# Question on rear Axle height on my SC18 V2



## Cain (Feb 28, 2002)

I just got in a used V2. What I am not understanding is that the rear pod plate appears to be a few centimeters above the chassis, so that the front end is higher than the back end. I took apart the kit and when reassembled it still had this feature.

Is this common or should the rear pod plate be flush with the front? As ride height is more of a premium, I added some shims to bring it up in the rear so I am not scuffing up the rear pod.

Other than that, I like what I see. Just need to decide between keeping this or my RC18T.


----------



## kcobra (Dec 3, 2002)

Make sure the t-plate is not sandwitched between the black circular ball joint things. If it is the problem you are describing will occur. A couple local guys made the same mistake. The ball joints things should be on top of the t-plate.

The rear pod on mine is pretty much level with the main chassis plate.


----------



## Cain (Feb 28, 2002)

Thanks. From memory, the black circular part is on top the t plate but has I believe a rubber spacer inbetween the T-Plate and the chassis. I just need to do a full tear down I guess.


----------



## BudBartos (Jan 1, 1970)

Cain>. There is no rubber spacer on the V2 are You sure that is what You have?
If it is a V2 the rear pod plate botton should be level with the chassis if not make sure the 1/16'" spacer plate is between the T plate and the rear pod bottom plate.


----------



## Cain (Feb 28, 2002)

Honestly that was was there. Looks like a black rubber O-Ring. 

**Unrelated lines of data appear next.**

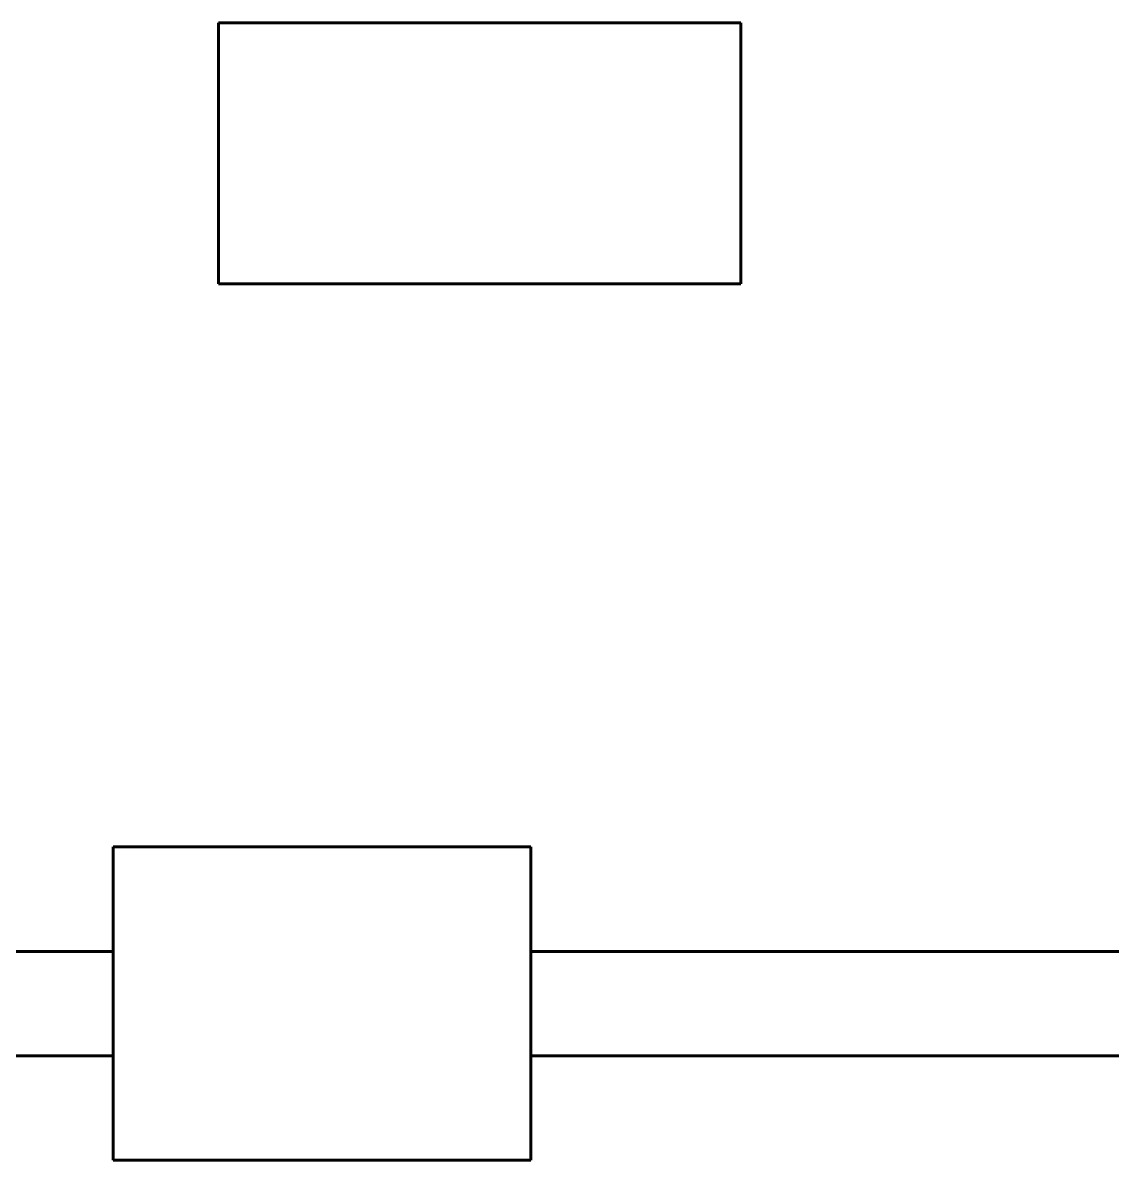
# Model space of a CAD drawing. Extents: x 0 to 297, y 0 to 292.
# Drawn here: x 207.91 to 213.12, y 63.79 to 69.23 of the extents above; entities that cross this region are included whole.
import ezdxf

# ---------------------------------------------------------------- set-up
doc = ezdxf.new("R2010")
doc.units = 0
doc.header["$MEASUREMENT"] = 0
doc.linetypes.add('K5LT_BASIC', pattern=[0])
doc.layers.add('Системный слой', color=7, linetype='Continuous')

# ---------------------------------------------------------------- blocks, each defined once
blk = doc.blocks.new('*U')
at = {"layer": 'Системный слой', "linetype": 'K5LT_BASIC', "lineweight": 60}
for p, q in [((211.3433, 69.2322), (208.8433, 69.2322)), ((208.8433, 69.2322), (208.8433, 67.9822)), ((211.3433, 67.9822), (211.3433, 69.2322)), ((208.8433, 67.9822), (211.3433, 67.9822))]:
    blk.add_line(p, q, dxfattribs=at)

msp = doc.modelspace()

# ---------------------------------------------------------------- linework, layer by layer
at = {"layer": 'Системный слой', "linetype": 'K5LT_BASIC', "lineweight": 60}
for p, q in [((210.3378, 65.2856), (208.3378, 65.2856)), ((208.3378, 63.7856), (208.3378, 65.2856)), ((208.3378, 65.2856), (208.3378, 63.7856)), ((208.3378, 65.2856), (210.3378, 65.2856)), ((210.3378, 65.2856), (210.3378, 63.7856)), ((210.3378, 65.2856), (210.3378, 63.7856)), ((202.338, 64.7857), (208.338, 64.7857)), ((210.338, 64.7857), (216.338, 64.7857)), ((208.3378, 64.2856), (202.3378, 64.2856)), ((216.3378, 64.2856), (210.3378, 64.2856)), ((210.3378, 63.7856), (208.3378, 63.7856)), ((208.3378, 63.7856), (210.3378, 63.7856)), ((209.5878, 63.7856), (208.8378, 63.7856))]:
    msp.add_line(p, q, dxfattribs=at)

# ---------------------------------------------------------------- block references
at = {"layer": 'Системный слой'}
msp.add_blockref('*U', (0, 0), dxfattribs=at)
msp.add_blockref('*U', (0, 0), dxfattribs=at)
msp.add_blockref('*U', (0, 0), dxfattribs=at)
msp.add_blockref('*U', (0, 0), dxfattribs=at)
msp.add_blockref('*U', (0, 0), dxfattribs=at)
msp.add_blockref('*U', (0, 0), dxfattribs=at)
msp.add_blockref('*U', (0, 0), dxfattribs=at)
msp.add_blockref('*U', (0, 0), dxfattribs=at)
msp.add_blockref('*U', (0, 0), dxfattribs=at)
msp.add_blockref('*U', (0, 0), dxfattribs=at)
msp.add_blockref('*U', (0, 0), dxfattribs=at)
msp.add_blockref('*U', (0, 0), dxfattribs=at)
msp.add_blockref('*U', (0, 0), dxfattribs=at)
msp.add_blockref('*U', (0, 0), dxfattribs=at)
msp.add_blockref('*U', (0, 0), dxfattribs=at)
msp.add_blockref('*U', (0, 0), dxfattribs=at)
msp.add_blockref('*U', (0, 0), dxfattribs=at)
msp.add_blockref('*U', (0, 0), dxfattribs=at)
msp.add_blockref('*U', (0, 0), dxfattribs=at)
msp.add_blockref('*U', (0, 0), dxfattribs=at)
msp.add_blockref('*U', (0, 0), dxfattribs=at)
msp.add_blockref('*U', (0, 0), dxfattribs=at)
msp.add_blockref('*U', (0, 0), dxfattribs=at)
msp.add_blockref('*U', (0, 0), dxfattribs=at)
msp.add_blockref('*U', (0, 0), dxfattribs=at)
msp.add_blockref('*U', (0, 0), dxfattribs=at)
msp.add_blockref('*U', (0, 0), dxfattribs=at)
msp.add_blockref('*U', (0, 0), dxfattribs=at)
msp.add_blockref('*U', (0, 0), dxfattribs=at)
msp.add_blockref('*U', (0, 0), dxfattribs=at)
msp.add_blockref('*U', (0, 0), dxfattribs=at)
msp.add_blockref('*U', (0, 0), dxfattribs=at)
msp.add_blockref('*U', (0, 0), dxfattribs=at)
msp.add_blockref('*U', (0, 0), dxfattribs=at)
msp.add_blockref('*U', (0, 0), dxfattribs=at)
msp.add_blockref('*U', (0, 0), dxfattribs=at)
msp.add_blockref('*U', (0, 0), dxfattribs=at)
msp.add_blockref('*U', (0, 0), dxfattribs=at)
msp.add_blockref('*U', (0, 0), dxfattribs=at)
msp.add_blockref('*U', (0, 0), dxfattribs=at)
msp.add_blockref('*U', (0, 0), dxfattribs=at)
msp.add_blockref('*U', (0, 0), dxfattribs=at)
msp.add_blockref('*U', (0, 0), dxfattribs=at)
msp.add_blockref('*U', (0, 0), dxfattribs=at)
msp.add_blockref('*U', (0, 0), dxfattribs=at)
msp.add_blockref('*U', (0, 0), dxfattribs=at)
msp.add_blockref('*U', (0, 0), dxfattribs=at)
msp.add_blockref('*U', (0, 0), dxfattribs=at)
msp.add_blockref('*U', (0, 0), dxfattribs=at)
msp.add_blockref('*U', (0, 0), dxfattribs=at)
msp.add_blockref('*U', (0, 0), dxfattribs=at)
msp.add_blockref('*U', (0, 0), dxfattribs=at)
msp.add_blockref('*U', (0, 0), dxfattribs=at)
msp.add_blockref('*U', (0, 0), dxfattribs=at)
msp.add_blockref('*U', (0, 0), dxfattribs=at)
msp.add_blockref('*U', (0, 0), dxfattribs=at)
msp.add_blockref('*U', (0, 0), dxfattribs=at)
msp.add_blockref('*U', (0, 0), dxfattribs=at)
msp.add_blockref('*U', (0, 0), dxfattribs=at)
msp.add_blockref('*U', (0, 0), dxfattribs=at)
msp.add_blockref('*U', (0, 0), dxfattribs=at)
msp.add_blockref('*U', (0, 0), dxfattribs=at)
msp.add_blockref('*U', (0, 0), dxfattribs=at)
msp.add_blockref('*U', (0, 0), dxfattribs=at)
msp.add_blockref('*U', (0, 0), dxfattribs=at)
msp.add_blockref('*U', (0, 0), dxfattribs=at)
msp.add_blockref('*U', (0, 0), dxfattribs=at)
msp.add_blockref('*U', (0, 0), dxfattribs=at)
msp.add_blockref('*U', (0, 0), dxfattribs=at)
msp.add_blockref('*U', (0, 0), dxfattribs=at)
msp.add_blockref('*U', (0, 0), dxfattribs=at)
msp.add_blockref('*U', (0, 0), dxfattribs=at)
msp.add_blockref('*U', (0, 0), dxfattribs=at)
msp.add_blockref('*U', (0, 0), dxfattribs=at)
msp.add_blockref('*U', (0, 0), dxfattribs=at)
msp.add_blockref('*U', (0, 0), dxfattribs=at)
msp.add_blockref('*U', (0, 0), dxfattribs=at)
msp.add_blockref('*U', (0, 0), dxfattribs=at)
msp.add_blockref('*U', (0, 0), dxfattribs=at)
msp.add_blockref('*U', (0, 0), dxfattribs=at)
msp.add_blockref('*U', (0, 0), dxfattribs=at)
msp.add_blockref('*U', (0, 0), dxfattribs=at)
msp.add_blockref('*U', (0, 0), dxfattribs=at)
msp.add_blockref('*U', (0, 0), dxfattribs=at)
msp.add_blockref('*U', (0, 0), dxfattribs=at)
msp.add_blockref('*U', (0, 0), dxfattribs=at)
msp.add_blockref('*U', (0, 0), dxfattribs=at)
msp.add_blockref('*U', (0, 0), dxfattribs=at)
msp.add_blockref('*U', (0, 0), dxfattribs=at)
msp.add_blockref('*U', (0, 0), dxfattribs=at)
msp.add_blockref('*U', (0, 0), dxfattribs=at)
msp.add_blockref('*U', (0, 0), dxfattribs=at)
msp.add_blockref('*U', (0, 0), dxfattribs=at)
msp.add_blockref('*U', (0, 0), dxfattribs=at)
msp.add_blockref('*U', (0, 0), dxfattribs=at)
msp.add_blockref('*U', (0, 0), dxfattribs=at)
msp.add_blockref('*U', (0, 0), dxfattribs=at)
msp.add_blockref('*U', (0, 0), dxfattribs=at)
msp.add_blockref('*U', (0, 0), dxfattribs=at)
msp.add_blockref('*U', (0, 0), dxfattribs=at)
msp.add_blockref('*U', (0, 0), dxfattribs=at)
msp.add_blockref('*U', (0, 0), dxfattribs=at)
msp.add_blockref('*U', (0, 0), dxfattribs=at)
msp.add_blockref('*U', (0, 0), dxfattribs=at)
msp.add_blockref('*U', (0, 0), dxfattribs=at)
msp.add_blockref('*U', (0, 0), dxfattribs=at)
msp.add_blockref('*U', (0, 0), dxfattribs=at)
msp.add_blockref('*U', (0, 0), dxfattribs=at)
msp.add_blockref('*U', (0, 0), dxfattribs=at)
msp.add_blockref('*U', (0, 0), dxfattribs=at)
msp.add_blockref('*U', (0, 0), dxfattribs=at)
msp.add_blockref('*U', (0, 0), dxfattribs=at)
msp.add_blockref('*U', (0, 0), dxfattribs=at)
msp.add_blockref('*U', (0, 0), dxfattribs=at)
msp.add_blockref('*U', (0, 0), dxfattribs=at)
msp.add_blockref('*U', (0, 0), dxfattribs=at)
msp.add_blockref('*U', (0, 0), dxfattribs=at)
msp.add_blockref('*U', (0, 0), dxfattribs=at)
msp.add_blockref('*U', (0, 0), dxfattribs=at)
msp.add_blockref('*U', (0, 0), dxfattribs=at)
msp.add_blockref('*U', (0, 0), dxfattribs=at)
msp.add_blockref('*U', (0, 0), dxfattribs=at)
msp.add_blockref('*U', (0, 0), dxfattribs=at)
msp.add_blockref('*U', (0, 0), dxfattribs=at)
msp.add_blockref('*U', (0, 0), dxfattribs=at)
msp.add_blockref('*U', (0, 0), dxfattribs=at)
msp.add_blockref('*U', (0, 0), dxfattribs=at)
msp.add_blockref('*U', (0, 0), dxfattribs=at)
msp.add_blockref('*U', (0, 0), dxfattribs=at)
msp.add_blockref('*U', (0, 0), dxfattribs=at)
msp.add_blockref('*U', (0, 0), dxfattribs=at)
msp.add_blockref('*U', (0, 0), dxfattribs=at)
msp.add_blockref('*U', (0, 0), dxfattribs=at)
msp.add_blockref('*U', (0, 0), dxfattribs=at)
msp.add_blockref('*U', (0, 0), dxfattribs=at)
msp.add_blockref('*U', (0, 0), dxfattribs=at)
msp.add_blockref('*U', (0, 0), dxfattribs=at)
msp.add_blockref('*U', (0, 0), dxfattribs=at)
msp.add_blockref('*U', (0, 0), dxfattribs=at)
msp.add_blockref('*U', (0, 0), dxfattribs=at)
msp.add_blockref('*U', (0, 0), dxfattribs=at)
msp.add_blockref('*U', (0, 0), dxfattribs=at)
msp.add_blockref('*U', (0, 0), dxfattribs=at)
msp.add_blockref('*U', (0, 0), dxfattribs=at)
msp.add_blockref('*U', (0, 0), dxfattribs=at)
msp.add_blockref('*U', (0, 0), dxfattribs=at)
msp.add_blockref('*U', (0, 0), dxfattribs=at)
msp.add_blockref('*U', (0, 0), dxfattribs=at)
msp.add_blockref('*U', (0, 0), dxfattribs=at)
msp.add_blockref('*U', (0, 0), dxfattribs=at)
msp.add_blockref('*U', (0, 0), dxfattribs=at)
msp.add_blockref('*U', (0, 0), dxfattribs=at)
msp.add_blockref('*U', (0, 0), dxfattribs=at)
msp.add_blockref('*U', (0, 0), dxfattribs=at)
msp.add_blockref('*U', (0, 0), dxfattribs=at)
msp.add_blockref('*U', (0, 0), dxfattribs=at)
msp.add_blockref('*U', (0, 0), dxfattribs=at)
msp.add_blockref('*U', (0, 0), dxfattribs=at)
msp.add_blockref('*U', (0, 0), dxfattribs=at)
msp.add_blockref('*U', (0, 0), dxfattribs=at)
msp.add_blockref('*U', (0, 0), dxfattribs=at)
msp.add_blockref('*U', (0, 0), dxfattribs=at)
msp.add_blockref('*U', (0, 0), dxfattribs=at)
msp.add_blockref('*U', (0, 0), dxfattribs=at)
msp.add_blockref('*U', (0, 0), dxfattribs=at)
msp.add_blockref('*U', (0, 0), dxfattribs=at)
msp.add_blockref('*U', (0, 0), dxfattribs=at)
msp.add_blockref('*U', (0, 0), dxfattribs=at)
msp.add_blockref('*U', (0, 0), dxfattribs=at)
msp.add_blockref('*U', (0, 0), dxfattribs=at)
msp.add_blockref('*U', (0, 0), dxfattribs=at)
msp.add_blockref('*U', (0, 0), dxfattribs=at)
msp.add_blockref('*U', (0, 0), dxfattribs=at)
msp.add_blockref('*U', (0, 0), dxfattribs=at)
msp.add_blockref('*U', (0, 0), dxfattribs=at)
msp.add_blockref('*U', (0, 0), dxfattribs=at)
msp.add_blockref('*U', (0, 0), dxfattribs=at)
msp.add_blockref('*U', (0, 0), dxfattribs=at)
msp.add_blockref('*U', (0, 0), dxfattribs=at)
msp.add_blockref('*U', (0, 0), dxfattribs=at)
msp.add_blockref('*U', (0, 0), dxfattribs=at)
msp.add_blockref('*U', (0, 0), dxfattribs=at)
msp.add_blockref('*U', (0, 0), dxfattribs=at)
msp.add_blockref('*U', (0, 0), dxfattribs=at)
msp.add_blockref('*U', (0, 0), dxfattribs=at)
msp.add_blockref('*U', (0, 0), dxfattribs=at)
msp.add_blockref('*U', (0, 0), dxfattribs=at)
msp.add_blockref('*U', (0, 0), dxfattribs=at)
msp.add_blockref('*U', (0, 0), dxfattribs=at)
msp.add_blockref('*U', (0, 0), dxfattribs=at)
msp.add_blockref('*U', (0, 0), dxfattribs=at)
msp.add_blockref('*U', (0, 0), dxfattribs=at)
msp.add_blockref('*U', (0, 0), dxfattribs=at)
msp.add_blockref('*U', (0, 0), dxfattribs=at)
msp.add_blockref('*U', (0, 0), dxfattribs=at)
msp.add_blockref('*U', (0, 0), dxfattribs=at)
msp.add_blockref('*U', (0, 0), dxfattribs=at)
msp.add_blockref('*U', (0, 0), dxfattribs=at)
msp.add_blockref('*U', (0, 0), dxfattribs=at)
msp.add_blockref('*U', (0, 0), dxfattribs=at)
msp.add_blockref('*U', (0, 0), dxfattribs=at)
msp.add_blockref('*U', (0, 0), dxfattribs=at)
msp.add_blockref('*U', (0, 0), dxfattribs=at)
msp.add_blockref('*U', (0, 0), dxfattribs=at)
msp.add_blockref('*U', (0, 0), dxfattribs=at)
msp.add_blockref('*U', (0, 0), dxfattribs=at)
msp.add_blockref('*U', (0, 0), dxfattribs=at)
msp.add_blockref('*U', (0, 0), dxfattribs=at)
msp.add_blockref('*U', (0, 0), dxfattribs=at)
msp.add_blockref('*U', (0, 0), dxfattribs=at)
msp.add_blockref('*U', (0, 0), dxfattribs=at)
msp.add_blockref('*U', (0, 0), dxfattribs=at)
msp.add_blockref('*U', (0, 0), dxfattribs=at)
msp.add_blockref('*U', (0, 0), dxfattribs=at)
msp.add_blockref('*U', (0, 0), dxfattribs=at)
msp.add_blockref('*U', (0, 0), dxfattribs=at)
msp.add_blockref('*U', (0, 0), dxfattribs=at)
msp.add_blockref('*U', (0, 0), dxfattribs=at)
msp.add_blockref('*U', (0, 0), dxfattribs=at)
msp.add_blockref('*U', (0, 0), dxfattribs=at)
msp.add_blockref('*U', (0, 0), dxfattribs=at)
msp.add_blockref('*U', (0, 0), dxfattribs=at)
msp.add_blockref('*U', (0, 0), dxfattribs=at)
msp.add_blockref('*U', (0, 0), dxfattribs=at)
msp.add_blockref('*U', (0, 0), dxfattribs=at)
msp.add_blockref('*U', (0, 0), dxfattribs=at)
msp.add_blockref('*U', (0, 0), dxfattribs=at)
msp.add_blockref('*U', (0, 0), dxfattribs=at)
msp.add_blockref('*U', (0, 0), dxfattribs=at)
msp.add_blockref('*U', (0, 0), dxfattribs=at)
msp.add_blockref('*U', (0, 0), dxfattribs=at)
msp.add_blockref('*U', (0, 0), dxfattribs=at)
msp.add_blockref('*U', (0, 0), dxfattribs=at)
msp.add_blockref('*U', (0, 0), dxfattribs=at)
msp.add_blockref('*U', (0, 0), dxfattribs=at)
msp.add_blockref('*U', (0, 0), dxfattribs=at)
msp.add_blockref('*U', (0, 0), dxfattribs=at)
msp.add_blockref('*U', (0, 0), dxfattribs=at)
msp.add_blockref('*U', (0, 0), dxfattribs=at)
msp.add_blockref('*U', (0, 0), dxfattribs=at)
msp.add_blockref('*U', (0, 0), dxfattribs=at)
msp.add_blockref('*U', (0, 0), dxfattribs=at)
msp.add_blockref('*U', (0, 0), dxfattribs=at)
msp.add_blockref('*U', (0, 0), dxfattribs=at)
msp.add_blockref('*U', (0, 0), dxfattribs=at)
msp.add_blockref('*U', (0, 0), dxfattribs=at)
msp.add_blockref('*U', (0, 0), dxfattribs=at)
msp.add_blockref('*U', (0, 0), dxfattribs=at)
msp.add_blockref('*U', (0, 0), dxfattribs=at)
msp.add_blockref('*U', (0, 0), dxfattribs=at)
msp.add_blockref('*U', (0, 0), dxfattribs=at)
msp.add_blockref('*U', (0, 0), dxfattribs=at)
msp.add_blockref('*U', (0, 0), dxfattribs=at)
msp.add_blockref('*U', (0, 0), dxfattribs=at)
msp.add_blockref('*U', (0, 0), dxfattribs=at)
msp.add_blockref('*U', (0, 0), dxfattribs=at)
msp.add_blockref('*U', (0, 0), dxfattribs=at)
msp.add_blockref('*U', (0, 0), dxfattribs=at)
msp.add_blockref('*U', (0, 0), dxfattribs=at)
msp.add_blockref('*U', (0, 0), dxfattribs=at)
msp.add_blockref('*U', (0, 0), dxfattribs=at)
msp.add_blockref('*U', (0, 0), dxfattribs=at)
msp.add_blockref('*U', (0, 0), dxfattribs=at)
msp.add_blockref('*U', (0, 0), dxfattribs=at)
msp.add_blockref('*U', (0, 0), dxfattribs=at)
msp.add_blockref('*U', (0, 0), dxfattribs=at)
msp.add_blockref('*U', (0, 0), dxfattribs=at)
msp.add_blockref('*U', (0, 0), dxfattribs=at)
msp.add_blockref('*U', (0, 0), dxfattribs=at)
msp.add_blockref('*U', (0, 0), dxfattribs=at)
msp.add_blockref('*U', (0, 0), dxfattribs=at)
msp.add_blockref('*U', (0, 0), dxfattribs=at)
msp.add_blockref('*U', (0, 0), dxfattribs=at)
msp.add_blockref('*U', (0, 0), dxfattribs=at)
msp.add_blockref('*U', (0, 0), dxfattribs=at)
msp.add_blockref('*U', (0, 0), dxfattribs=at)
msp.add_blockref('*U', (0, 0), dxfattribs=at)
msp.add_blockref('*U', (0, 0), dxfattribs=at)
msp.add_blockref('*U', (0, 0), dxfattribs=at)
msp.add_blockref('*U', (0, 0), dxfattribs=at)
msp.add_blockref('*U', (0, 0), dxfattribs=at)
msp.add_blockref('*U', (0, 0), dxfattribs=at)
msp.add_blockref('*U', (0, 0), dxfattribs=at)
msp.add_blockref('*U', (0, 0), dxfattribs=at)
msp.add_blockref('*U', (0, 0), dxfattribs=at)
msp.add_blockref('*U', (0, 0), dxfattribs=at)
msp.add_blockref('*U', (0, 0), dxfattribs=at)
msp.add_blockref('*U', (0, 0), dxfattribs=at)
msp.add_blockref('*U', (0, 0), dxfattribs=at)
msp.add_blockref('*U', (0, 0), dxfattribs=at)
msp.add_blockref('*U', (0, 0), dxfattribs=at)
msp.add_blockref('*U', (0, 0), dxfattribs=at)
msp.add_blockref('*U', (0, 0), dxfattribs=at)
msp.add_blockref('*U', (0, 0), dxfattribs=at)
msp.add_blockref('*U', (0, 0), dxfattribs=at)
msp.add_blockref('*U', (0, 0), dxfattribs=at)
msp.add_blockref('*U', (0, 0), dxfattribs=at)
msp.add_blockref('*U', (0, 0), dxfattribs=at)
msp.add_blockref('*U', (0, 0), dxfattribs=at)
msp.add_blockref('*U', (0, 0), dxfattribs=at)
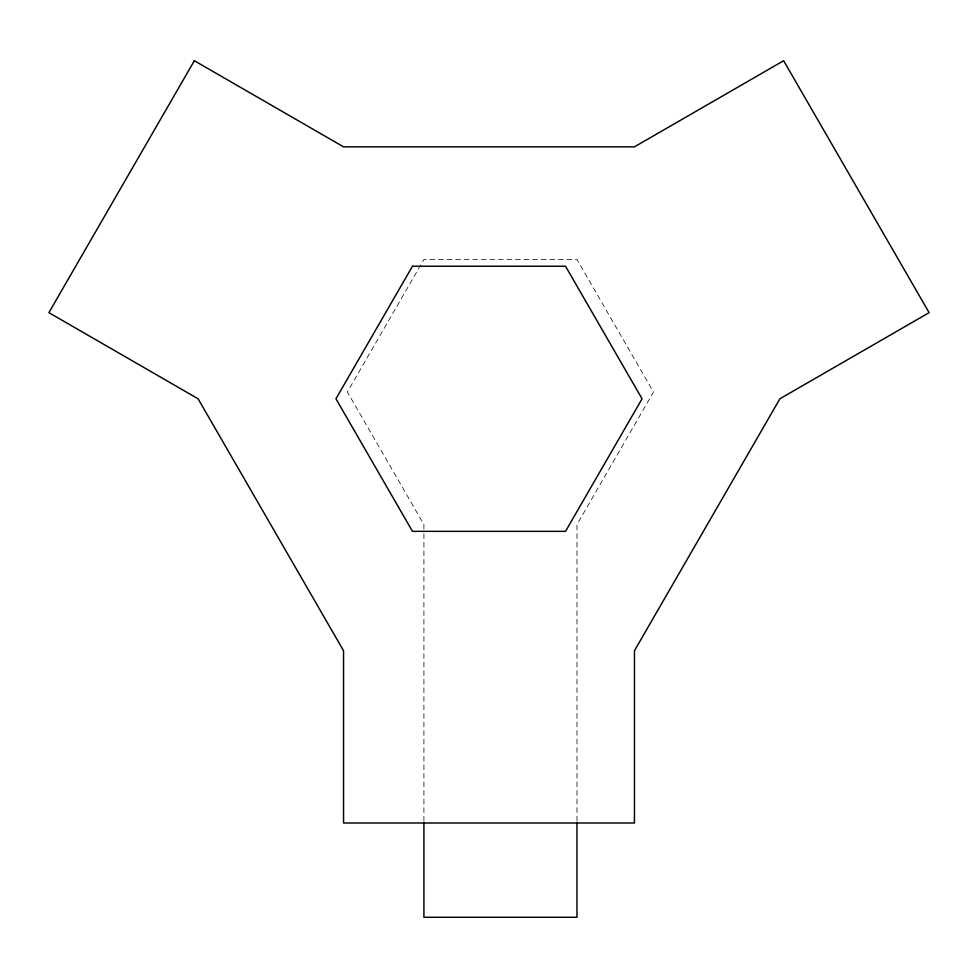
<?xml version="1.0" encoding="UTF-8"?>
<svg xmlns="http://www.w3.org/2000/svg" width="978" height="978" viewBox="0 0 978 978"><rect width="100%" height="100%" fill="white"/><g stroke="black" fill="none" stroke-linecap="round" stroke-linejoin="round"><path stroke-width="0.73" stroke-dasharray="4.89 3.67" d="M576.971 821.019L576.971 524.575L653.5 392.019L576.971 259.463L423.914 259.463L347.386 392.019L423.914 524.575L423.914 532.215M423.914 533.744L423.914 821.019"/><path stroke-width="1.47" d="M576.971 822.547L576.971 917.278L423.914 917.278L423.914 822.547M194.353 60.722L48.9 312.654L198.094 398.792L343.547 650.725L343.547 822.987L634.453 822.987L634.453 650.725L779.906 398.792L929.1 312.654L783.647 60.722L634.453 146.847L343.547 146.847L194.353 60.722M412.471 266.236L335.943 398.792L412.471 531.335L565.529 531.335L642.057 398.792L565.529 266.236L412.471 266.236"/></g></svg>

I am going to tear it completely apart and rebuilt it up from scratch and see what I fine. Right now I had to put in about 2 shims to push the pod low enough so the chassis wasn't rubbing the carpet.


----------



## BudBartos (Jan 1, 1970)

That O ring goes in the black damper disc. and keeps disc snug against the damper tube.


----------



## Cain (Feb 28, 2002)

ah ok. I will do a teardown and see.


----------



## rbauer_1 (Apr 2, 2004)

just make sure that both the black pivot ball retainers are on the same side of the tplate. when i first built mine i had one on each side and it caused the issue you are describing. when i have mine apart to replace this rear pod plate i will snap a pic and show u what im talkin about.


----------



## Cain (Feb 28, 2002)

Thanks. I think that is what is the problem which is why the guy put the black o ring to act as a spacer there. if both black pivot ball retainer plates are supposed to be on the same side, that will fix the issue I believe.
So basically the T-Plate should be flush on the chassis?


----------



## rbauer_1 (Apr 2, 2004)

*this is what it should look like:*










notice that both of the pivot ball retainers are on the same side of the tplate. the only thing that will be on the chassis side of the tplate is a portion of the steel pivot ball. good luck


----------